The research, published in the American Journal of Public Health, drew on 20 years of data from the National Health and Nutrition Examination Surveys (which are published every other year), spanning from 1999 to 2018. 

The study was conducted by investigators at Tufts University's Food is Medicine Institute.

Using participants' dietary reports, the researchers sorted foods by level of processing and then looked at how those eating patterns aligned with body weight, blood sugar, blood pressure, cholesterol, and mortality risk.

As the share of calories coming from ultra-processed foods rose by 10%, health measures tended to worsen. Higher intake was associated with greater body weight, poorer blood sugar control, elevated blood pressure, and less favorable cholesterol, along with higher rates of diabetes, metabolic syndrome, and cancer, and a modestly higher risk of death during the study period.

These associations remained true even after the analysis adjusted for overall diet quality as well as saturated fat, added sugar, and sodium levels.

The study's senior author, Dariush Mozaffarian, said, "The findings suggest ultra-processed-food factors beyond nutrients — such as changes to foods' cellular structure, loss of beneficial chemical compounds, additives, and chemicals from packaging — may create health risks not addressed by traditional nutrition metrics or policies."

Why does it matter?

In the United States, ultra-processed foods supply an enormous share of daily calories — more than half for adults and about 60% for children.

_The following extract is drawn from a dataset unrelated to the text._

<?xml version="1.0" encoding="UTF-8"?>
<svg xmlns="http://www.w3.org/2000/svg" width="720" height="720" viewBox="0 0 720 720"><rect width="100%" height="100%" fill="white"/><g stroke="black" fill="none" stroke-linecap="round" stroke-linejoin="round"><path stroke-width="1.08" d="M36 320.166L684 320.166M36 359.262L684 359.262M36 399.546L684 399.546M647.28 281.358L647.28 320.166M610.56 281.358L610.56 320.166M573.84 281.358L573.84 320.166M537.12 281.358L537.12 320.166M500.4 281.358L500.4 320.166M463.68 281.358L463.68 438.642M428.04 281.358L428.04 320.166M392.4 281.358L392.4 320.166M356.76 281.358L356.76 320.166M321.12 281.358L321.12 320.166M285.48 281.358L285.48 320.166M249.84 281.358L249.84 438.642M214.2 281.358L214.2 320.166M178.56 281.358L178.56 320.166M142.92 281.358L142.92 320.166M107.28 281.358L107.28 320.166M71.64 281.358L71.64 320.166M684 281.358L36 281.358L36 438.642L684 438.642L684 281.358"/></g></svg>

Nutrition labels may not tell the whole story. Two foods may appear similar in sugar, salt, or fat levels, but the more heavily industrialized option could still be associated with poorer health outcomes.

That does not mean every ultra-processed food carries the same level of risk, nor does the study prove cause and effect. Because the research was observational, it identified associations rather than direct causation.

The consistency of the findings across different groups suggests processing itself may warrant closer attention from health experts and policymakers.

The study may also help explain why diets centered on ultra-processed foods often seem to take a greater toll on health over time than standard nutrition calculations alone would suggest.